PROBLEM STATEMENT:
Say how many lines of the records include the string "color". Nothing else belongs in the answer.
++++++++
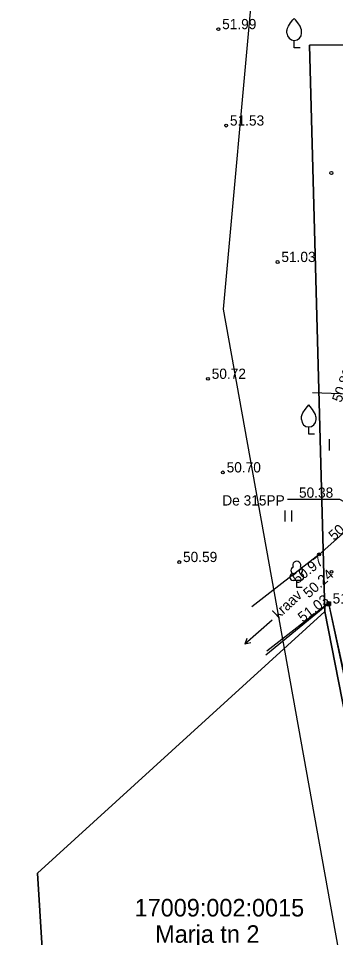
# Model space of a CAD drawing. Extents: x 641170 to 643816, y 6455426 to 6458270.
# Drawn here: x 643074.6 to 643096.3, y 6456127.9 to 6456190.7 of the extents above; entities that cross this region are included whole.
import ezdxf

# ---------------------------------------------------------------- set-up
doc = ezdxf.new("R2010")
doc.units = 0
for name, color, linetype in [('ABIJOONIS', 7, 'Continuous'), ('AED', 7, 'Continuous'), ('HALJASTUS', 7, 'Continuous'), ('KORGUS', 7, 'Continuous'), ('MOOTKORG', 7, 'Continuous'), ('MOOTMPUNKT', 7, 'Continuous'), ('MOOTPIIR', 7, 'Continuous'), ('PIIR', 7, 'Continuous'), ('PUU', 7, 'Continuous'), ('TRUUP', 7, 'Continuous'), ('VEEKOGU', 7, 'Continuous')]:
    doc.layers.add(name, color=color, linetype=linetype)

msp = doc.modelspace()

# ---------------------------------------------------------------- linework, layer by layer
at = {"layer": 'ABIJOONIS'}
msp.add_lwpolyline([(643099.031, 6456156.537), (643096.631, 6456157.829), (643093.055, 6456157.829)], dxfattribs=at)
at = {"layer": 'AED'}
for p, q in [((643095.747, 6456150.841), (643095.747, 6456150.591)), ((643095.747, 6456150.841), (643095.997, 6456150.841)), ((643095.747, 6456150.591), (643095.997, 6456150.591)), ((643095.997, 6456150.841), (643095.997, 6456150.591))]:
    msp.add_line(p, q, dxfattribs=at)
msp.add_lwpolyline([(643085.166, 6456100.566), (643105.683, 6456102.132), (643104.02, 6456112.478), (643095.872, 6456150.716), (643091.554, 6456147.18)], dxfattribs=at)
at = {"layer": 'HALJASTUS'}
for p, q in [((643095.911, 6456161.188), (643095.911, 6456161.949)), ((643092.882, 6456156.323), (643092.882, 6456157.084)), ((643093.337, 6456156.323), (643093.337, 6456157.084))]:
    msp.add_line(p, q, dxfattribs=at)
msp.add_lwpolyline([(643100.954, 6456180.078), (643106.048, 6456175.109), (643102.733, 6456169.802), (643101.089, 6456164.889), (643094.758, 6456165.12)], dxfattribs=at)
at = {"layer": 'KORGUS'}
for centre in [(643088.313, 6456189.983), (643088.847, 6456183.392), (643096.044, 6456180.149), (643092.365, 6456174.064), (643087.6, 6456166.076), (643088.622, 6456159.679), (643095.208, 6456154.075), (643085.636, 6456153.551), (643096.056, 6456152.883), (643095.858, 6456150.759)]:
    msp.add_circle(centre, 0.1, dxfattribs=at)
at = {"layer": 'MOOTMPUNKT'}
msp.add_circle((643095.872, 6456150.716), 0.1, dxfattribs=at)
at = {"layer": 'MOOTPIIR'}
msp.add_lwpolyline([(642953.802, 6456486.956), (642967.355, 6456363.141), (643013.731, 6456285.908), (643023.227, 6456236.226), (643073.766, 6456249.393), (643086.7, 6456242.39), (643090.929, 6456229.35), (643031.595, 6456207.829), (643053.136, 6456109.511), (643098.935, 6456113.789), (643088.656, 6456170.833), (643090.649, 6456192.688), (643156.376, 6456197.892), (643365.661, 6456187.12), (643414.035, 6456212.347), (643493.181, 6456196.51)], dxfattribs=at)
at = {"layer": 'PIIR'}
for points in [[(643026.54, 6456183.07), (643044.63, 6456101.25), (643049.84, 6456098.06), (643077.92, 6456100.28), (643075.93, 6456132.29), (643095.6, 6456150.16), (643094.54, 6456188.89), (643108.54, 6456188.99), (643104.27, 6456209.14), (643093.89, 6456206.37), (643069.5, 6456198.5)], [(643075.93, 6456132.29), (643077.92, 6456100.28), (643105.04, 6456102.09), (643095.6, 6456150.16)]]:
    msp.add_lwpolyline(points, close=True, dxfattribs=at)
msp.add_lwpolyline([(643140.53, 6456189.25), (643108.54, 6456188.99), (643094.54, 6456188.89), (643095.6, 6456150.16), (643105.04, 6456102.09), (643124.74, 6456106.48), (643119.11, 6456135.53), (643113.68, 6456163.48), (643169.27, 6456165.15)], dxfattribs=at)
at = {"layer": 'PUU'}
for p, q in [((643093.509, 6456188.715), (643093.509, 6456189.215)), ((643093.909, 6456188.715), (643093.509, 6456188.715)), ((643094.5, 6456162.29), (643094.5, 6456162.79)), ((643094.9, 6456162.29), (643094.5, 6456162.29)), ((643093.918, 6456152.29), (643093.438, 6456152.29)), ((643093.678, 6456151.815), (643093.678, 6456152.29)), ((643094.058, 6456151.815), (643093.678, 6456151.815))]:
    msp.add_line(p, q, dxfattribs=at)
for points in [[(643093.009, 6456189.715), (643093.009, 6456189.865), (643093.019, 6456189.93), (643093.054, 6456190.06), (643093.114, 6456190.18), (643093.259, 6456190.415), (643093.419, 6456190.62), (643093.509, 6456190.715)], [(643094.009, 6456189.715), (643094.009, 6456189.865), (643093.999, 6456189.93), (643093.964, 6456190.06), (643093.904, 6456190.18), (643093.759, 6456190.415), (643093.599, 6456190.62), (643093.509, 6456190.715)], [(643094, 6456163.29), (643094, 6456163.44), (643094.01, 6456163.505), (643094.045, 6456163.635), (643094.105, 6456163.755), (643094.25, 6456163.99), (643094.41, 6456164.195), (643094.5, 6456164.29)], [(643095, 6456163.29), (643095, 6456163.44), (643094.99, 6456163.505), (643094.955, 6456163.635), (643094.895, 6456163.755), (643094.75, 6456163.99), (643094.59, 6456164.195), (643094.5, 6456164.29)]]:
    msp.add_lwpolyline(points, dxfattribs=at)
for centre, radius, start, end in [((643093.509, 6456189.715), 0.5, 180, 0), ((643094.5, 6456163.29), 0.5, 180, 0), ((643093.678, 6456153.335), 0.277, 332.5799, 207.4201), ((643093.508, 6456152.987), 0.233, 109.02174, 253.14154), ((643093.848, 6456152.987), 0.233, 286.85082, 70.98591), ((643093.441, 6456152.527), 0.238, 90.0016, 269.3953), ((643093.916, 6456152.527), 0.238, 270.6047, 89.9984)]:
    msp.add_arc(centre, radius, start, end, dxfattribs=at)
at = {"layer": 'VEEKOGU'}
for p in [(643092.005, 6456149.583), (643090.255, 6456148.33), (643090.527, 6456148.019)]:
    msp.add_line(p, (643090.121, 6456147.939), dxfattribs=at)
msp.add_lwpolyline([(643091.64, 6456147.488), (643095.858, 6456150.759), (643099.054, 6456136.124), (643101.74, 6456123.447), (643104.02, 6456112.478), (643105.924, 6456102.157), (643106.998, 6456101.83), (643108.191, 6456102.349), (643106.615, 6456113.447), (643104.709, 6456123.604), (643101.944, 6456136.806), (643098.978, 6456152.508), (643100.122, 6456154.144), (643099.031, 6456156.537), (643098.006, 6456156.554), (643095.208, 6456154.075), (643090.595, 6456150.481)], dxfattribs=at)

# ---------------------------------------------------------------- texts
at = {"layer": 'KORGUS'}
for s, p in [(' 51.99', (643088.313, 6456189.983)), (' 51.53', (643088.847, 6456183.392)), (' 51.03', (643092.365, 6456174.064)), (' 50.72', (643087.6, 6456166.076)), (' 50.70', (643088.622, 6456159.679)), (' 50.59', (643085.636, 6456153.551))]:
    msp.add_text(s, height=0.7, dxfattribs=at).set_placement(p)
for s, rotation, p in [(' 50.81', 69.79052, (643096.629, 6456164.171)), (' 50.89', 41.53358, (643096.038, 6456154.81)), (' 50.97', 37.92913, (643093.512, 6456151.867)), (' 50.24', 41.36689, (643094.307, 6456150.877)), (' 51.03', 37.66462, (643093.887, 6456149.238))]:
    msp.add_text(s, height=0.7, rotation=rotation, dxfattribs=at).set_placement(p)
at = {"layer": 'MOOTKORG'}
msp.add_text(' 51.03', height=0.7, dxfattribs=at).set_placement((643095.872, 6456150.716))
at = {"layer": 'PIIR'}
for s, p in [('17009:002:0015', (643082.584, 6456129.319)), ('Marja tn 2', (643083.993, 6456127.519))]:
    msp.add_text(s, height=1.2, dxfattribs=at).set_placement(p)
at = {"layer": 'TRUUP'}
for s, p in [('50.38', (643093.831, 6456157.949)), ('De 315PP', (643088.586, 6456157.417))]:
    msp.add_text(s, height=0.7, dxfattribs=at).set_placement(p)
at = {"layer": 'VEEKOGU'}
msp.add_text('kraav', height=0.7, rotation=43.33363, dxfattribs=at).set_placement((643092.438, 6456149.627))

doc.saveas('drawing.dxf')
++++++++
EXERCISE SOLUTION:
2